17.3.20

As décadas do medo


Black Rebel Motorcycle Club, “Red Eyes and Tears” (live on Later on Jools Holland), in https://www.youtube.com/watch?v=YIGVcwycp0E
“Resta-nos sobrepor ao medo que nos desapropria de nós o medo desse medo, o de sermos menos do que nós.” José Gil, Publico, 16.03.20, p. 5.
O espelho fardado não sai da retina. Mas afinal não é um espelho só. É uma sequência de espelhos, por onde se subtraem múltiplos labirintos de onde as pessoas não conseguem escapar. São reféns de uma camada de labirinto e sabem que não podem comunicar entre labirintos. Não conseguem ver se não o espelho a que pertence o seu labirinto. Têm medo. Todas as pessoas têm medo, num tempo e num modo que é diferente entre as pessoas. Às vezes, ergue-se um muro pútrido que cimenta um medo transversal – o medo a que ninguém parece conseguir furtar-se. E o medo dá alvíssaras a um medo que o supera, e assim sucessivamente.
Não são rudimentares os pensares que se estruturam nos muros do medo. Podia-se dizer que a pele – a pele coletiva da espécie, sem exceções – é amurada pelo silêncio do medo. Diz-se, pressentindo a agonia: antes se traduzisse o tear do medo em palavras dele representativas. Antes houvesse a aliteração não mundana dos medos, com a consciência entronizada no tamanho de que os medos se medem. O silêncio sepulcral que se abate perpetua os medos que são transversais. Cobrem os olhares com uma cortina baça, densa, inexpugnável. Arroteia-se o medo irreparável.

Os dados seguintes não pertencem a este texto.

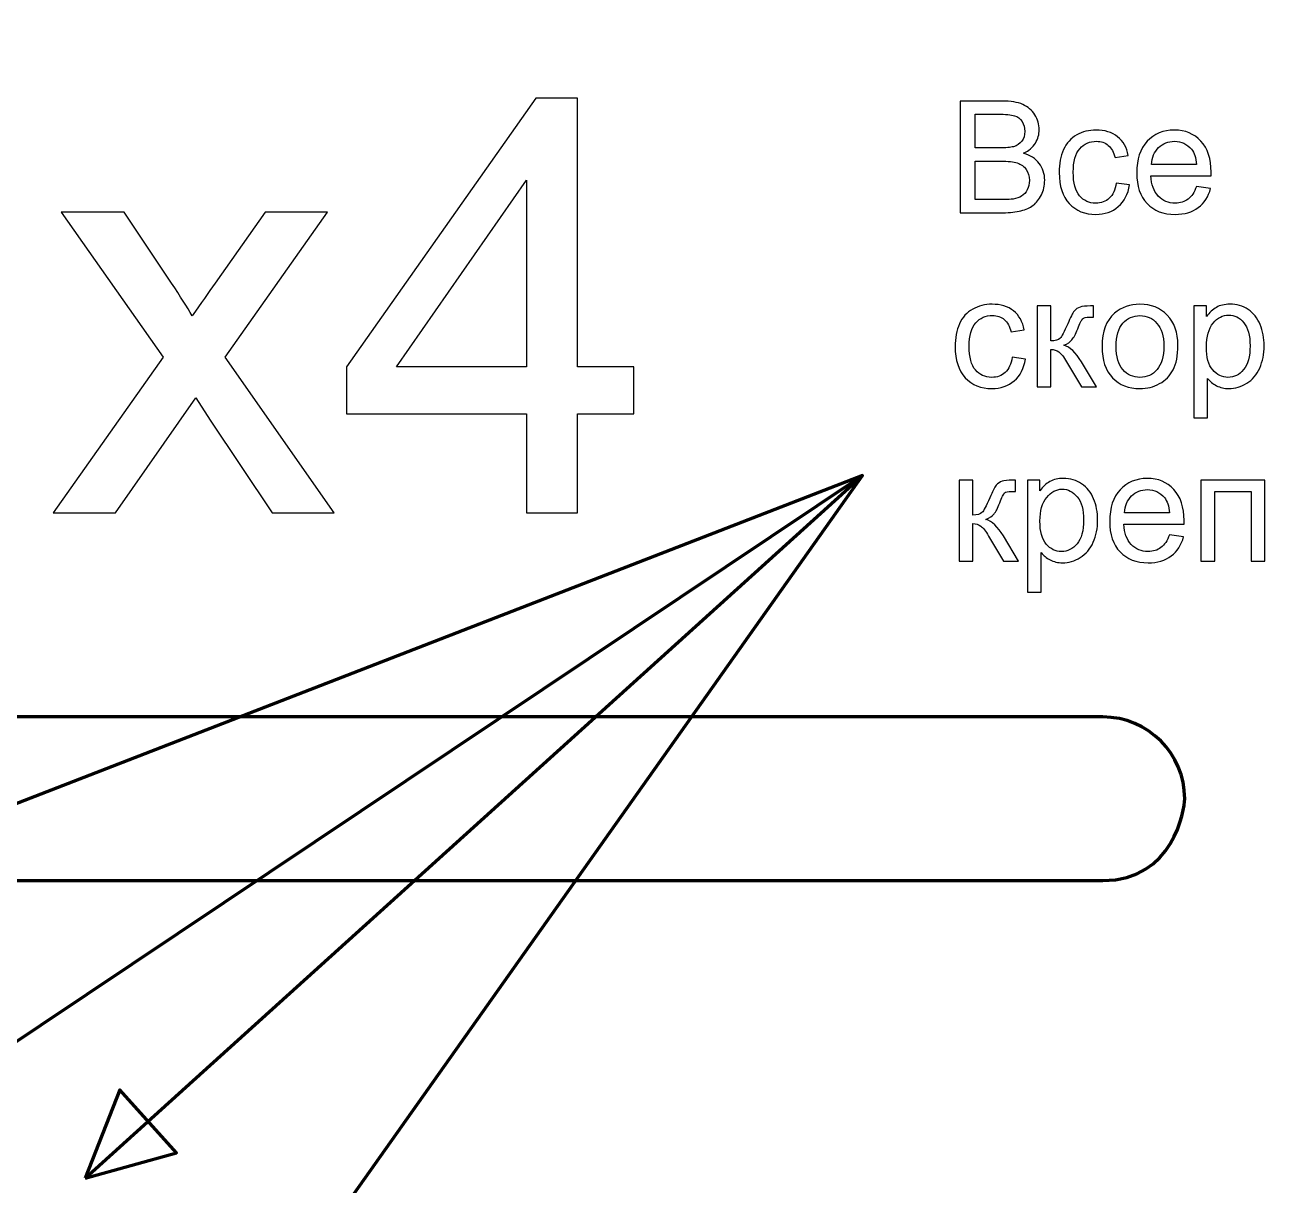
# Model space of a CAD drawing. Header units: centimetres. Extents: x -343 to 358, y -257 to 272.
# Drawn here: x -184.46 to -150.39, y 154.05 to 185.96 of the extents above; entities that cross this region are included whole.
import ezdxf

# ---------------------------------------------------------------- set-up
doc = ezdxf.new("R2010")
doc.units = ezdxf.units.CM
doc.header["$MEASUREMENT"] = 0
doc.layers.add('layer 1', color=7, linetype='Continuous')

msp = doc.modelspace()

# ---------------------------------------------------------------- linework, layer by layer
at = {"layer": 'layer 1', "color": 253, "lineweight": 20}
msp.add_open_spline([(-336.15246, 268.74795), (-336.15246, 268.74795), (-58.05242, 268.74795), (-58.05242, 268.74795), (-58.05242, 268.74795), (-54.20242, 268.74795), (-51.05242, 265.59795), (-51.05242, 261.74795), (-51.05242, 261.74795), (-51.05242, 261.74795), (-51.05242, 74.24125), (-51.05242, 74.24125), (-51.05242, 74.24125), (-51.05242, 70.39125), (-54.20242, 67.24125), (-58.05242, 67.24125), (-58.05242, 67.24125), (-58.05242, 67.24125), (-336.15246, 67.24125), (-336.15246, 67.24125), (-336.15246, 67.24125), (-340.00246, 67.24125), (-343.15246, 70.39125), (-343.15246, 74.24125), (-343.15246, 74.24125), (-343.15246, 74.24125), (-343.15246, 261.74795), (-343.15246, 261.74795), (-343.15246, 261.74795), (-343.15246, 265.59795), (-340.00246, 268.74795), (-336.15246, 268.74795)], degree=3, knots=[0, 0, 0, 0, 0.11111111, 0.11111111, 0.11111111, 0.11111111, 0.22222222, 0.22222222, 0.22222222, 0.22222222, 0.33333333, 0.33333333, 0.33333333, 0.33333333, 0.44444444, 0.44444444, 0.44444444, 0.44444444, 0.55555556, 0.55555556, 0.55555556, 0.55555556, 0.66666667, 0.66666667, 0.66666667, 0.66666667, 0.77777778, 0.77777778, 0.77777778, 0.77777778, 1, 1, 1, 1], dxfattribs=at)
at = {"layer": 'layer 1', "color": 242}
for points, knots in [([(-170.66423, 172.54254), (-170.66423, 172.54254), (-170.66423, 175.26645), (-170.66423, 175.26645), (-170.66423, 175.26645), (-170.66423, 175.26645), (-175.61825, 175.26645), (-175.61825, 175.26645), (-175.61825, 175.26645), (-175.61825, 175.26645), (-175.61825, 176.55673), (-175.61825, 176.55673), (-175.61825, 176.55673), (-175.61825, 176.55673), (-170.40936, 183.94793), (-170.40936, 183.94793), (-170.40936, 183.94793), (-170.40936, 183.94793), (-169.26245, 183.94793), (-169.26245, 183.94793), (-169.26245, 183.94793), (-169.26245, 183.94793), (-169.26245, 176.55673), (-169.26245, 176.55673), (-169.26245, 176.55673), (-169.26245, 176.55673), (-167.71731, 176.55673), (-167.71731, 176.55673), (-167.71731, 176.55673), (-167.71731, 176.55673), (-167.71731, 175.26645), (-167.71731, 175.26645), (-167.71731, 175.26645), (-167.71731, 175.26645), (-169.26245, 175.26645), (-169.26245, 175.26645), (-169.26245, 175.26645), (-169.26245, 175.26645), (-169.26245, 172.54254), (-169.26245, 172.54254), (-169.26245, 172.54254), (-169.26245, 172.54254), (-170.66423, 172.54254), (-170.66423, 172.54254)], [0, 0, 0, 0, 0.08333333, 0.08333333, 0.08333333, 0.08333333, 0.16666667, 0.16666667, 0.16666667, 0.16666667, 0.25, 0.25, 0.25, 0.25, 0.33333333, 0.33333333, 0.33333333, 0.33333333, 0.41666667, 0.41666667, 0.41666667, 0.41666667, 0.5, 0.5, 0.5, 0.5, 0.58333333, 0.58333333, 0.58333333, 0.58333333, 0.66666667, 0.66666667, 0.66666667, 0.66666667, 0.75, 0.75, 0.75, 0.75, 0.83333333, 0.83333333, 0.83333333, 0.83333333, 1, 1, 1, 1]), ([(-158.74005, 180.79481), (-158.74005, 180.79481), (-158.74005, 183.86508), (-158.74005, 183.86508), (-158.74005, 183.86508), (-158.74005, 183.86508), (-157.58799, 183.86508), (-157.58799, 183.86508), (-157.58799, 183.86508), (-157.35357, 183.86508), (-157.16561, 183.83434), (-157.02339, 183.77217), (-157.02339, 183.77217), (-156.88188, 183.70999), (-156.77111, 183.61422), (-156.69106, 183.48487), (-156.69106, 183.48487), (-156.6103, 183.35622), (-156.57028, 183.22115), (-156.57028, 183.07964), (-156.57028, 183.07964), (-156.57028, 182.94886), (-156.60602, 182.82522), (-156.67677, 182.70944), (-156.67677, 182.70944), (-156.74752, 182.59366), (-156.85472, 182.50004), (-156.99837, 182.42857), (-156.99837, 182.42857), (-156.81256, 182.37425), (-156.66962, 182.28134), (-156.57028, 182.14984), (-156.57028, 182.14984), (-156.47023, 182.01906), (-156.4202, 181.86397), (-156.4202, 181.6853), (-156.4202, 181.6853), (-156.4202, 181.54094), (-156.45093, 181.40729), (-156.51168, 181.28365), (-156.51168, 181.28365), (-156.57243, 181.16001), (-156.64747, 181.06496), (-156.7368, 180.99778), (-156.7368, 180.99778), (-156.82614, 180.93131), (-156.93834, 180.88057), (-157.0727, 180.84627), (-157.0727, 180.84627), (-157.20778, 180.81196), (-157.37287, 180.79481), (-157.56869, 180.79481), (-157.56869, 180.79481), (-157.56869, 180.79481), (-158.74005, 180.79481), (-158.74005, 180.79481)], [0, 0, 0, 0, 0.06666667, 0.06666667, 0.06666667, 0.06666667, 0.13333333, 0.13333333, 0.13333333, 0.13333333, 0.2, 0.2, 0.2, 0.2, 0.26666667, 0.26666667, 0.26666667, 0.26666667, 0.33333333, 0.33333333, 0.33333333, 0.33333333, 0.4, 0.4, 0.4, 0.4, 0.46666667, 0.46666667, 0.46666667, 0.46666667, 0.53333333, 0.53333333, 0.53333333, 0.53333333, 0.6, 0.6, 0.6, 0.6, 0.66666667, 0.66666667, 0.66666667, 0.66666667, 0.73333333, 0.73333333, 0.73333333, 0.73333333, 0.8, 0.8, 0.8, 0.8, 0.86666667, 0.86666667, 0.86666667, 0.86666667, 1, 1, 1, 1]), ([(-158.33268, 182.57436), (-158.33268, 182.57436), (-157.66874, 182.57436), (-157.66874, 182.57436), (-157.66874, 182.57436), (-157.48865, 182.57436), (-157.35929, 182.58651), (-157.28139, 182.6101), (-157.28139, 182.6101), (-157.17776, 182.64083), (-157.09986, 182.69229), (-157.04769, 182.76375), (-157.04769, 182.76375), (-156.99552, 182.83522), (-156.96907, 182.92456), (-156.96907, 183.03247), (-156.96907, 183.03247), (-156.96907, 183.13467), (-156.99337, 183.22472), (-157.04269, 183.30191), (-157.04269, 183.30191), (-157.09128, 183.37981), (-157.16132, 183.43341), (-157.25209, 183.462), (-157.25209, 183.462), (-157.34285, 183.49058), (-157.49865, 183.50488), (-157.71877, 183.50488), (-157.71877, 183.50488), (-157.71877, 183.50488), (-158.33268, 183.50488), (-158.33268, 183.50488), (-158.33268, 183.50488), (-158.33268, 183.50488), (-158.33268, 182.57436), (-158.33268, 182.57436)], [0, 0, 0, 0, 0.1, 0.1, 0.1, 0.1, 0.2, 0.2, 0.2, 0.2, 0.3, 0.3, 0.3, 0.3, 0.4, 0.4, 0.4, 0.4, 0.5, 0.5, 0.5, 0.5, 0.6, 0.6, 0.6, 0.6, 0.7, 0.7, 0.7, 0.7, 0.8, 0.8, 0.8, 0.8, 1, 1, 1, 1]), ([(-154.45626, 181.60955), (-154.45626, 181.60955), (-154.08748, 181.55809), (-154.08748, 181.55809), (-154.08748, 181.55809), (-154.12822, 181.30438), (-154.23113, 181.10641), (-154.39765, 180.96276), (-154.39765, 180.96276), (-154.56417, 180.81911), (-154.76929, 180.74764), (-155.01156, 180.74764), (-155.01156, 180.74764), (-155.3153, 180.74764), (-155.55972, 180.84698), (-155.74411, 181.04566), (-155.74411, 181.04566), (-155.92921, 181.24434), (-156.02141, 181.52879), (-156.02141, 181.89899), (-156.02141, 181.89899), (-156.02141, 182.13912), (-155.98138, 182.34852), (-155.90206, 182.52862), (-155.90206, 182.52862), (-155.82273, 182.70801), (-155.70194, 182.84308), (-155.539, 182.93242), (-155.539, 182.93242), (-155.37677, 183.02247), (-155.20024, 183.06749), (-155.00871, 183.06749), (-155.00871, 183.06749), (-154.76786, 183.06749), (-154.56989, 183.00674), (-154.41695, 182.88453), (-154.41695, 182.88453), (-154.26329, 182.76232), (-154.16467, 182.58866), (-154.12179, 182.36425), (-154.12179, 182.36425), (-154.12179, 182.36425), (-154.48627, 182.3085), (-154.48627, 182.3085), (-154.48627, 182.3085), (-154.52129, 182.45787), (-154.58276, 182.57008), (-154.67209, 182.64583), (-154.67209, 182.64583), (-154.76071, 182.72087), (-154.86791, 182.75875), (-154.9937, 182.75875), (-154.9937, 182.75875), (-155.1838, 182.75875), (-155.33817, 182.69086), (-155.45752, 182.55507), (-155.45752, 182.55507), (-155.57616, 182.41856), (-155.63548, 182.20416), (-155.63548, 181.90971), (-155.63548, 181.90971), (-155.63548, 181.61097), (-155.57831, 181.39443), (-155.46396, 181.25935), (-155.46396, 181.25935), (-155.34889, 181.12428), (-155.19952, 181.05638), (-155.01585, 181.05638), (-155.01585, 181.05638), (-154.8672, 181.05638), (-154.74356, 181.10141), (-154.64493, 181.19217), (-154.64493, 181.19217), (-154.54559, 181.28222), (-154.4827, 181.42158), (-154.45626, 181.60955)], [0, 0, 0, 0, 0.05, 0.05, 0.05, 0.05, 0.1, 0.1, 0.1, 0.1, 0.15, 0.15, 0.15, 0.15, 0.2, 0.2, 0.2, 0.2, 0.25, 0.25, 0.25, 0.25, 0.3, 0.3, 0.3, 0.3, 0.35, 0.35, 0.35, 0.35, 0.4, 0.4, 0.4, 0.4, 0.45, 0.45, 0.45, 0.45, 0.5, 0.5, 0.5, 0.5, 0.55, 0.55, 0.55, 0.55, 0.6, 0.6, 0.6, 0.6, 0.65, 0.65, 0.65, 0.65, 0.7, 0.7, 0.7, 0.7, 0.75, 0.75, 0.75, 0.75, 0.8, 0.8, 0.8, 0.8, 0.85, 0.85, 0.85, 0.85, 0.9, 0.9, 0.9, 0.9, 1, 1, 1, 1]), ([(-152.2479, 181.51521), (-152.2479, 181.51521), (-151.85768, 181.46375), (-151.85768, 181.46375), (-151.85768, 181.46375), (-151.91843, 181.2372), (-152.03206, 181.06067), (-152.19787, 180.9356), (-152.19787, 180.9356), (-152.36367, 180.81053), (-152.57522, 180.74764), (-152.83322, 180.74764), (-152.83322, 180.74764), (-153.15768, 180.74764), (-153.41497, 180.8477), (-153.60507, 181.04781), (-153.60507, 181.04781), (-153.79518, 181.2472), (-153.89023, 181.52807), (-153.89023, 181.88899), (-153.89023, 181.88899), (-153.89023, 182.26205), (-153.79446, 182.55221), (-153.60221, 182.75804), (-153.60221, 182.75804), (-153.40997, 182.96458), (-153.16054, 183.06749), (-152.85395, 183.06749), (-152.85395, 183.06749), (-152.55735, 183.06749), (-152.31508, 182.96672), (-152.12712, 182.76447), (-152.12712, 182.76447), (-151.93915, 182.56221), (-151.84482, 182.27777), (-151.84482, 181.91114), (-151.84482, 181.91114), (-151.84482, 181.88899), (-151.84553, 181.8554), (-151.84696, 181.81108), (-151.84696, 181.81108), (-151.84696, 181.81108), (-153.5043, 181.81108), (-153.5043, 181.81108), (-153.5043, 181.81108), (-153.49001, 181.56738), (-153.4214, 181.38013), (-153.29705, 181.25078), (-153.29705, 181.25078), (-153.17341, 181.12142), (-153.01832, 181.05638), (-152.83322, 181.05638), (-152.83322, 181.05638), (-152.69529, 181.05638), (-152.57736, 181.09283), (-152.48017, 181.16573), (-152.48017, 181.16573), (-152.38226, 181.23863), (-152.30507, 181.35512), (-152.2479, 181.51521)], [0, 0, 0, 0, 0.0625, 0.0625, 0.0625, 0.0625, 0.125, 0.125, 0.125, 0.125, 0.1875, 0.1875, 0.1875, 0.1875, 0.25, 0.25, 0.25, 0.25, 0.3125, 0.3125, 0.3125, 0.3125, 0.375, 0.375, 0.375, 0.375, 0.4375, 0.4375, 0.4375, 0.4375, 0.5, 0.5, 0.5, 0.5, 0.5625, 0.5625, 0.5625, 0.5625, 0.625, 0.625, 0.625, 0.625, 0.6875, 0.6875, 0.6875, 0.6875, 0.75, 0.75, 0.75, 0.75, 0.8125, 0.8125, 0.8125, 0.8125, 0.875, 0.875, 0.875, 0.875, 1, 1, 1, 1]), ([(-153.48286, 182.11983), (-153.48286, 182.11983), (-152.24361, 182.11983), (-152.24361, 182.11983), (-152.24361, 182.11983), (-152.26005, 182.30707), (-152.30793, 182.44715), (-152.38583, 182.54077), (-152.38583, 182.54077), (-152.50518, 182.68585), (-152.66098, 182.75875), (-152.8518, 182.75875), (-152.8518, 182.75875), (-153.02475, 182.75875), (-153.16983, 182.70086), (-153.28776, 182.58508), (-153.28776, 182.58508), (-153.40496, 182.46931), (-153.47, 182.31422), (-153.48286, 182.11983)], [0, 0, 0, 0, 0.16666667, 0.16666667, 0.16666667, 0.16666667, 0.33333333, 0.33333333, 0.33333333, 0.33333333, 0.5, 0.5, 0.5, 0.5, 0.66666667, 0.66666667, 0.66666667, 0.66666667, 1, 1, 1, 1]), ([(-158.33268, 181.15501), (-158.33268, 181.15501), (-157.56797, 181.15501), (-157.56797, 181.15501), (-157.56797, 181.15501), (-157.43647, 181.15501), (-157.34428, 181.16001), (-157.29068, 181.17002), (-157.29068, 181.17002), (-157.19777, 181.18645), (-157.11916, 181.21433), (-157.05626, 181.25363), (-157.05626, 181.25363), (-156.99337, 181.29294), (-156.94192, 181.35012), (-156.90118, 181.42516), (-156.90118, 181.42516), (-156.86044, 181.5002), (-156.84043, 181.58668), (-156.84043, 181.68459), (-156.84043, 181.68459), (-156.84043, 181.79965), (-156.86973, 181.89899), (-156.92905, 181.98404), (-156.92905, 181.98404), (-156.98765, 182.06908), (-157.06913, 182.1284), (-157.17347, 182.16271), (-157.17347, 182.16271), (-157.2771, 182.19701), (-157.42718, 182.21416), (-157.62229, 182.21416), (-157.62229, 182.21416), (-157.62229, 182.21416), (-158.33268, 182.21416), (-158.33268, 182.21416), (-158.33268, 182.21416), (-158.33268, 182.21416), (-158.33268, 181.15501), (-158.33268, 181.15501)], [0, 0, 0, 0, 0.09090909, 0.09090909, 0.09090909, 0.09090909, 0.18181818, 0.18181818, 0.18181818, 0.18181818, 0.27272727, 0.27272727, 0.27272727, 0.27272727, 0.36363636, 0.36363636, 0.36363636, 0.36363636, 0.45454545, 0.45454545, 0.45454545, 0.45454545, 0.54545455, 0.54545455, 0.54545455, 0.54545455, 0.63636364, 0.63636364, 0.63636364, 0.63636364, 0.72727273, 0.72727273, 0.72727273, 0.72727273, 0.81818182, 0.81818182, 0.81818182, 0.81818182, 1, 1, 1, 1]), ([(-170.66423, 176.55673), (-170.66423, 176.55673), (-170.66423, 181.68862), (-170.66423, 181.68862), (-170.66423, 181.68862), (-170.66423, 181.68862), (-174.24036, 176.55673), (-174.24036, 176.55673), (-174.24036, 176.55673), (-174.24036, 176.55673), (-170.66423, 176.55673), (-170.66423, 176.55673)], [0, 0, 0, 0, 0.25, 0.25, 0.25, 0.25, 0.5, 0.5, 0.5, 0.5, 1, 1, 1, 1]), ([(-183.67848, 172.54254), (-183.67848, 172.54254), (-180.65988, 176.82487), (-180.65988, 176.82487), (-180.65988, 176.82487), (-180.65988, 176.82487), (-183.45547, 180.80986), (-183.45547, 180.80986), (-183.45547, 180.80986), (-183.45547, 180.80986), (-181.73245, 180.80986), (-181.73245, 180.80986), (-181.73245, 180.80986), (-181.73245, 180.80986), (-180.42625, 178.85852), (-180.42625, 178.85852), (-180.42625, 178.85852), (-180.18465, 178.49214), (-179.9935, 178.19479), (-179.8581, 177.96116), (-179.8581, 177.96116), (-179.62182, 178.29302), (-179.41208, 178.59303), (-179.22358, 178.86117), (-179.22358, 178.86117), (-179.22358, 178.86117), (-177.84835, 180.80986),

Uma reinvenção semântica ajuda a reparar a instalação do medo. Isole-se o medo e que as pessoas interiorizem que o medo maior é ter medo desse medo. Ele acabará esvaziado no umbral onde fermentam os rudimentos de um olhar diferente, desprendido de peias, não açambarcado pelos esgares contaminados pelo ar de desgraça perene, quase apocalítica, que leva vencimento. Ter medo desse medo para que não sejamos meãos à mercê dos algozes que não titubeiam em arpoar um cataclismo à aurora de cada dia.
Não podemos ficar reféns de uma visceral inquietação que nos condena às décadas do medo. Porque o tempo não acaba de véspera nem se ordena, em sua finitude, com tão pouco prazo de antecedência. O medo do medo há de superar as décadas do medo.